EXERCISE INSTRUCTIONS
Give back exactly the lines spanning from the one containing "Square1/1 -> Add3/2, Add2/2, Add1/2, Add/2" to the final line of the records below, and no others.

===== RECORDS SHOWN =====

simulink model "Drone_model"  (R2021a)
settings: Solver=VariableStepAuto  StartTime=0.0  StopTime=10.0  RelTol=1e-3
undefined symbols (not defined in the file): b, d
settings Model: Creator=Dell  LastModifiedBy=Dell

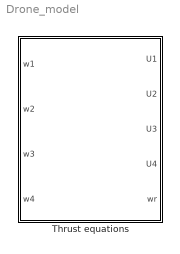
== system Drone_model ==
  Thrust equations : Subsystem

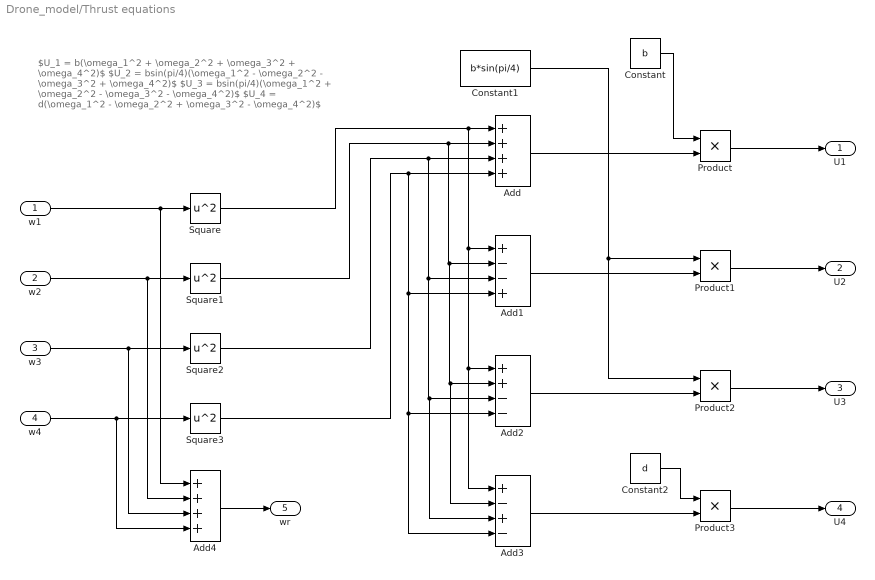
== system Drone_model/Thrust equations ==
  note: $U_1 = b(\omega_1^2 + \omega_2^2 + \omega_3^2 + \omega_4^2)$
      | $U_2 = bsin(pi/4)(\omega_1^2 - \omega_2^2 - \omega_3^2 + \omega_4^2)$
      | $U_3 = bsin(pi/4)(\omega_1^2 + \omega_2^2 - \omega_3^2 - \omega_4^2)$
      | $U_4 = d(\omega_1^2 - \omega_2^2 + \omega_3^2 - \omega_4^2)$
  w1 : Inport
  w2 : Inport  Port=2
  w3 : Inport  Port=3
  w4 : Inport  Port=4
  Add : Sum  Inputs=++++
  Add1 : Sum  Inputs=+--+
  Add2 : Sum  Inputs=++--
  Add3 : Sum  Inputs=+-+-
  Add4 : Sum  Inputs=++++
  Constant : Constant  Value=b
  Constant1 : Constant  Value=b*sin(pi/4)
  Constant2 : Constant  Value=d
  Product{,1..3} (4 alike) : Product
  Square{,1..3} (4 alike) : Math  Operator=square  SaturateOnIntegerOverflow=on
  U1 : Outport
  U2 : Outport  Port=2
  U3 : Outport  Port=3
  U4 : Outport  Port=4
  wr : Outport  Port=5
  wires:
  w1/1 -> Add4/1, Square/1
  w2/1 -> Add4/2, Square1/1
  w3/1 -> Add4/3, Square2/1
  w4/1 -> Add4/4, Square3/1
  Square/1 -> Add3/1, Add2/1, Add1/1, Add/1
  Square1/1 -> Add3/2, Add2/2, Add1/2, Add/2
  Square2/1 -> Add3/3, Add2/3, Add1/3, Add/3
  Square3/1 -> Add2/4, Add3/4, Add1/4, Add/4
  Product/1 -> U1/1
  Product1/1 -> U2/1
  Product2/1 -> U3/1
  Product3/1 -> U4/1
  Add/1 -> Product/2
  Add1/1 -> Product1/2
  Add2/1 -> Product2/2
  Add3/1 -> Product3/2
  Constant/1 -> Product/1
  Constant1/1 -> Product2/1, Product1/1
  Constant2/1 -> Product3/1
  Add4/1 -> wr/1

=====

TASK RESPONSE
  Square1/1 -> Add3/2, Add2/2, Add1/2, Add/2
  Square2/1 -> Add3/3, Add2/3, Add1/3, Add/3
  Square3/1 -> Add2/4, Add3/4, Add1/4, Add/4
  Product/1 -> U1/1
  Product1/1 -> U2/1
  Product2/1 -> U3/1
  Product3/1 -> U4/1
  Add/1 -> Product/2
  Add1/1 -> Product1/2
  Add2/1 -> Product2/2
  Add3/1 -> Product3/2
  Constant/1 -> Product/1
  Constant1/1 -> Product2/1, Product1/1
  Constant2/1 -> Product3/1
  Add4/1 -> wr/1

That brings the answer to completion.